Saturday, November 23, 2019

Demand

     If we omit considerations such as impossibility according to the laws of physics, we may be sure that if a demand for something exists, someone somewhere will try to supply it – for a price. Depending on the price, those who demanded it will converge with the supplier(s) and strike a deal.

     That’s the thought that occurred most powerfully to me in reading this article. It’s fairly brief and rich in facts, so I’d advise you to read it all. What the author is telling us is that a demand exists. What he doesn’t need to say – to anyone familiar with the concept in my first paragraph, at least – is that there are persons laboring to meet that demand.

     No, they’re not all “coyotes.” Some are politicians. Some of the politicians are Americans.


     According to Maslow’s Hierarchy of Needs, a human being’s highest priorities, before which all other considerations are at least temporarily set aside, are physiology (i.e., immediate survival) and security. That being the case, it should surprise no one when a mass of people, gravely threatened in the present moment and without assurance of safety in the future, moves en masse in search of a safe harbor. It’s happened often enough in the past. Those who are willing to see it can view it south of our border.

     The threat to the survival and security of the law-abiding people of the northern Mexican states emanates from the conflict between the Mexican drug cartels and the Mexican authorities. At this time the cartels are in the superior position, in part owing to their ruthlessness and in part because the Mexican government is riddled with corruption. The consequences have terrified nominally uninvolved Mexicans into fleeing. Many are fleeing northward.

     Before I continue: This is not America’s problem, except to whatever extent Americans are customers of the Mexican cartels. “America’s problem” is the pressure against our southern border, which of course is one of the phenomena of greatest political debate at this time.

     It was inevitable that in the discussion of the problem, there would arise well-meaning suggestions that America “help out” the Mexican government in its campaign against the cartels. President Trump has broached the possibility of sending our military into the fray.

     It’s the first wholly bad idea I’ve seen from the Trump Administration. But I fear that it will gain traction with our military higher-ups, who are usually eager to flex America’s muscles. Many among the brass have objected to our gradual withdrawal from the conflicts in the Middle East and the “Stans.” A new theater of action would probably appeal to them. Demand for their expertise, don’t y’know.


     Could America’s armed forces contribute substantially to the mitigation of Mexico’s cartel problem? Almost certainly. But the question that would arise in the aftermath is the same as the one that bedeviled us in Iraq and Libya.

     The critical consideration is who would be responsible for maintaining order in the state of affairs that would exist after American armed might had quelled the cartel problem. We don’t want a failed state on our southern border. But we’re very near to that condition even now. A government that cannot enforce the law within its jurisdiction is a failed government – and a nation with a failed government, regardless of its claim to legitimacy, is a failed state. The probability is high that after the cartels had been dealt with, whatever would remain of the Mexican federal government would be incapable of preserving peace and enforcing Mexico’s laws.
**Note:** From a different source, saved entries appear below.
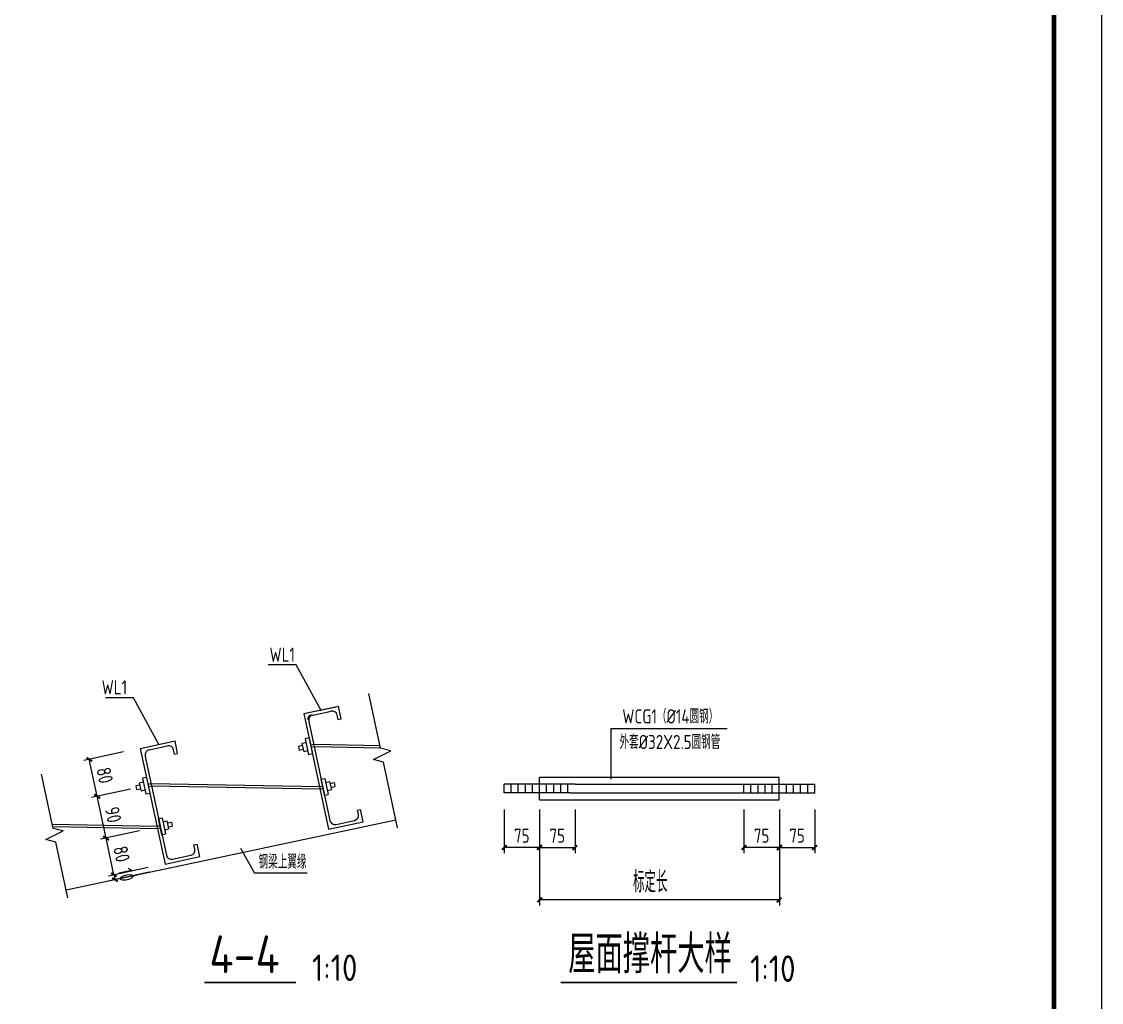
# Model space of a CAD drawing. Header units: millimetres. Extents: x 865974 to 875117, y 40174 to 44891.
# Drawn here: x 870373.3 to 870601.6, y 40371.9 to 40579.3 of the extents above; entities that cross this region are included whole.
import ezdxf

# ---------------------------------------------------------------- set-up
doc = ezdxf.new("R2010")
doc.units = ezdxf.units.MM
doc.header["$LTSCALE"] = 1000
doc.header["$MEASUREMENT"] = 0
for name, color, linetype in [('D2', 6, 'Continuous'), ('DIM', 7, 'Continuous'), ('FRAME', 4, 'Continuous'), ('THIN', 7, 'Continuous'), ('文字', 7, 'Continuous'), ('标注', 7, 'Continuous'), ('桩', 6, 'Continuous')]:
    doc.layers.add(name, color=color, linetype=linetype)
doc.layers.add('数字', color=3, linetype='Continuous', lineweight=9)
doc.styles.add('GBHZ', font='gbenor.shx', dxfattribs={"width": 0.9, "bigfont": 'gbcbig.shx'})
doc.dimstyles.new('Y10', dxfattribs={"dimscale": 0, "dimtxt": 3, "dimasz": 0.01, "dimexe": 1.2, "dimexo": 1, "dimgap": 1, "dimtad": 1, "dimdec": 0, "dimlfac": 10, "dimzin": 0, "dimdsep": 46, "dimtxsty": 'GBHZ', "dimblk1": 'DX', "dimblk2": 'DX', "dimsah": 1, "dimcen": 0.09, "dimdle": 1, "dimadec": 0, "dimazin": 0, "dimtfac": 1, "dimtdec": 0, "dimtix": 1, "dimtmove": 2, "dimatfit": 3, "dimldrblk": 'DX', "dimfxl": 0, "dimtolj": 1, "dimtzin": 0, "dimarcsym": 0})

# ---------------------------------------------------------------- blocks, each defined once
blk = doc.blocks.new('DX')
at = {"color": 0, "linetype": 'ByBlock', "const_width": 40}
blk.add_lwpolyline([(-54, -51), (46, 49)], dxfattribs=at)
blk = doc.blocks.new('*D282')
at = {"layer": 'Defpoints', "color": 0, "linetype": 'ByBlock', "transparency": 16777216}
for p in [(870533.47, 40413.67), (870482.78, 40411.45), (870482.78, 40393.59)]:
    blk.add_point(p, dxfattribs=at)
at = {"layer": 'DIM', "color": 0, "linetype": 'ByBlock', "lineweight": -2, "transparency": 16777216}
for p, q in [((870533.47, 40412.67), (870533.47, 40392.39)), ((870482.78, 40410.45), (870482.78, 40392.39)), ((870533.46, 40393.59), (870482.79, 40393.59))]:
    blk.add_line(p, q, dxfattribs=at)
at = {"layer": 'DIM', "color": 0, "linetype": 'ByBlock', "lineweight": -2, "transparency": 16777216, "xscale": 0.01, "yscale": 0.01, "zscale": 0.01, "rotation": 180}
blk.add_blockref('DX', (870482.78, 40393.59), dxfattribs=at)
at = {"layer": 'DIM', "color": 0, "linetype": 'ByBlock', "lineweight": -2, "transparency": 16777216, "xscale": 0.01, "yscale": 0.01, "zscale": 0.01}
blk.add_blockref('DX', (870533.47, 40393.59), dxfattribs=at)
blk = doc.blocks.new('*D283')
at = {"layer": 'Defpoints', "color": 0, "linetype": 'ByBlock', "transparency": 16777216}
for p in [(870482.78, 40413.67), (870490.28, 40413.67), (870490.28, 40404.65)]:
    blk.add_point(p, dxfattribs=at)
at = {"layer": 'DIM', "color": 0, "linetype": 'ByBlock', "lineweight": -2, "transparency": 16777216}
for p, q in [((870482.78, 40412.67), (870482.78, 40403.45)), ((870490.28, 40412.67), (870490.28, 40403.45)), ((870482.79, 40404.65), (870490.27, 40404.65))]:
    blk.add_line(p, q, dxfattribs=at)
at = {"layer": 'DIM', "color": 0, "linetype": 'ByBlock', "lineweight": -2, "transparency": 16777216, "xscale": 0.01, "yscale": 0.01, "zscale": 0.01, "rotation": 180}
blk.add_blockref('DX', (870482.78, 40404.65), dxfattribs=at)
at = {"layer": 'DIM', "color": 0, "linetype": 'ByBlock', "lineweight": -2, "transparency": 16777216, "xscale": 0.01, "yscale": 0.01, "zscale": 0.01}
blk.add_blockref('DX', (870490.28, 40404.65), dxfattribs=at)
at = {"layer": 'DIM', "color": 0, "linetype": 'ByBlock', "transparency": 16777216, "insert": (870486.53, 40407.15), "char_height": 3, "attachment_point": 5, "style": 'GBHZ'}
blk.add_mtext('\\A1;75', dxfattribs=at)
blk = doc.blocks.new('*D284')
at = {"layer": 'Defpoints', "color": 0, "linetype": 'ByBlock', "transparency": 16777216}
for p in [(870475.28, 40413.67), (870482.78, 40413.67), (870475.28, 40404.65)]:
    blk.add_point(p, dxfattribs=at)
at = {"layer": 'DIM', "color": 0, "linetype": 'ByBlock', "lineweight": -2, "transparency": 16777216}
for p, q in [((870475.28, 40412.67), (870475.28, 40403.45)), ((870482.78, 40412.67), (870482.78, 40403.45)), ((870482.77, 40404.65), (870475.29, 40404.65))]:
    blk.add_line(p, q, dxfattribs=at)
at = {"layer": 'DIM', "color": 0, "linetype": 'ByBlock', "lineweight": -2, "transparency": 16777216, "xscale": 0.01, "yscale": 0.01, "zscale": 0.01, "rotation": 180}
blk.add_blockref('DX', (870475.28, 40404.65), dxfattribs=at)
at = {"layer": 'DIM', "color": 0, "linetype": 'ByBlock', "lineweight": -2, "transparency": 16777216, "xscale": 0.01, "yscale": 0.01, "zscale": 0.01}
blk.add_blockref('DX', (870482.78, 40404.65), dxfattribs=at)
at = {"layer": 'DIM', "color": 0, "linetype": 'ByBlock', "transparency": 16777216, "insert": (870479.03, 40407.15), "char_height": 3, "attachment_point": 5, "style": 'GBHZ'}
blk.add_mtext('\\A1;75', dxfattribs=at)
blk = doc.blocks.new('*D285')
at = {"layer": 'Defpoints', "color": 0, "linetype": 'ByBlock', "transparency": 16777216}
for p in [(870525.97, 40413.67), (870533.47, 40413.67), (870525.97, 40404.65)]:
    blk.add_point(p, dxfattribs=at)
at = {"layer": 'DIM', "color": 0, "linetype": 'ByBlock', "lineweight": -2, "transparency": 16777216}
for p, q in [((870525.97, 40412.67), (870525.97, 40403.45)), ((870533.47, 40412.67), (870533.47, 40403.45)), ((870533.46, 40404.65), (870525.98, 40404.65))]:
    blk.add_line(p, q, dxfattribs=at)
at = {"layer": 'DIM', "color": 0, "linetype": 'ByBlock', "lineweight": -2, "transparency": 16777216, "xscale": 0.01, "yscale": 0.01, "zscale": 0.01, "rotation": 180}
blk.add_blockref('DX', (870525.97, 40404.65), dxfattribs=at)
at = {"layer": 'DIM', "color": 0, "linetype": 'ByBlock', "lineweight": -2, "transparency": 16777216, "xscale": 0.01, "yscale": 0.01, "zscale": 0.01}
blk.add_blockref('DX', (870533.47, 40404.65), dxfattribs=at)
at = {"layer": 'DIM', "color": 0, "linetype": 'ByBlock', "transparency": 16777216, "insert": (870529.72, 40407.15), "char_height": 3, "attachment_point": 5, "style": 'GBHZ'}
blk.add_mtext('\\A1;75', dxfattribs=at)
blk = doc.blocks.new('*D286')
at = {"layer": 'Defpoints', "color": 0, "linetype": 'ByBlock', "transparency": 16777216}
for p in [(870533.47, 40413.67), (870540.97, 40413.67), (870540.97, 40404.65)]:
    blk.add_point(p, dxfattribs=at)
at = {"layer": 'DIM', "color": 0, "linetype": 'ByBlock', "lineweight": -2, "transparency": 16777216}
for p, q in [((870533.47, 40412.67), (870533.47, 40403.45)), ((870540.97, 40412.67), (870540.97, 40403.45)), ((870533.48, 40404.65), (870540.96, 40404.65))]:
    blk.add_line(p, q, dxfattribs=at)
at = {"layer": 'DIM', "color": 0, "linetype": 'ByBlock', "lineweight": -2, "transparency": 16777216, "xscale": 0.01, "yscale": 0.01, "zscale": 0.01, "rotation": 180}
blk.add_blockref('DX', (870533.47, 40404.65), dxfattribs=at)
at = {"layer": 'DIM', "color": 0, "linetype": 'ByBlock', "lineweight": -2, "transparency": 16777216, "xscale": 0.01, "yscale": 0.01, "zscale": 0.01}
blk.add_blockref('DX', (870540.97, 40404.65), dxfattribs=at)
at = {"layer": 'DIM', "color": 0, "linetype": 'ByBlock', "transparency": 16777216, "insert": (870537.22, 40407.15), "char_height": 3, "attachment_point": 5, "style": 'GBHZ'}
blk.add_mtext('\\A1;75', dxfattribs=at)
blk = doc.blocks.new('*D277')
at = {"layer": 'Defpoints', "color": 0, "linetype": 'ByBlock', "transparency": 16777216}
for p in [(870399.19, 40408.36), (870391.17, 40406.65), (870401.03, 40400.61)]:
    blk.add_point(p, dxfattribs=at)
at = {"layer": 'DIM', "color": 0, "linetype": 'ByBlock', "lineweight": -2, "transparency": 16777216}
for p, q in [((870398.21, 40408.15), (870390, 40406.4)), ((870392.82, 40398.87), (870391.17, 40406.64)), ((870400.05, 40400.4), (870391.65, 40398.61))]:
    blk.add_line(p, q, dxfattribs=at)
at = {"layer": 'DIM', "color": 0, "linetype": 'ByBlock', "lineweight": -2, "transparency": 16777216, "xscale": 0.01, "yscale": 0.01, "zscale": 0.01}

Quite a lot of people would mutter that “we broke it, so we bought it,” and argue for the de facto annexation of Mexico as a protectorate of the United States.

     To say that would be a bad deal for America is to give it the palest imaginable coloration. It would bear no resemblance whatsoever to any of our historical protectorates. Proximity and the immiscibility of the two cultures would guarantee political and economic disaster – and possibly a front of military conflict that would expand ever further southward.


     America was able to provide security to Western Europe after World War II because of the compatibility of those cultures with ours, and because many problems local to Europe could be confined there. The U.S. didn’t need to take responsibility for local law enforcement. Our financial assistance and our guarantee of military defense were sufficient to set Western Europe on a sustainable path to recovery. The situation in Mexico is quite different. The cartel problem is a problem of local law enforcement. Worse, the disruption of Mexico’s corruption-fueled economy would have a high probability of disordering the entire economy of Central America – and without dismantling the edifice of corruption, the resurgence of the cartels would be guaranteed. Demand again.

     Therefore, we would face a choice between transforming Mexico into a garrisoned protectorate, utterly dominated by American armed power, and letting it collapse into complete political failure. “Compromise” solutions don’t seem plausible or stable, given the culture clash.

     Of course this invites discussion of what Mexico could do, in theory, to neutralize the cartels’ power through changes in its laws. But given the already severe problems at our southern border, such possibilities are at least as fanciful as the notion that armed intervention could solve the cartel problem. The demand for the cartels’ products, which (lest we forget) are illegal on both sides of the border, when added to the economic motivations of many northward migrants, has produced a situation that cannot be ameliorated in the near term by American intervention at a price Americans would be willing to pay.

     Better that we focus on buttressing our border defenses and leave Mexico to solve its own problems...if it can.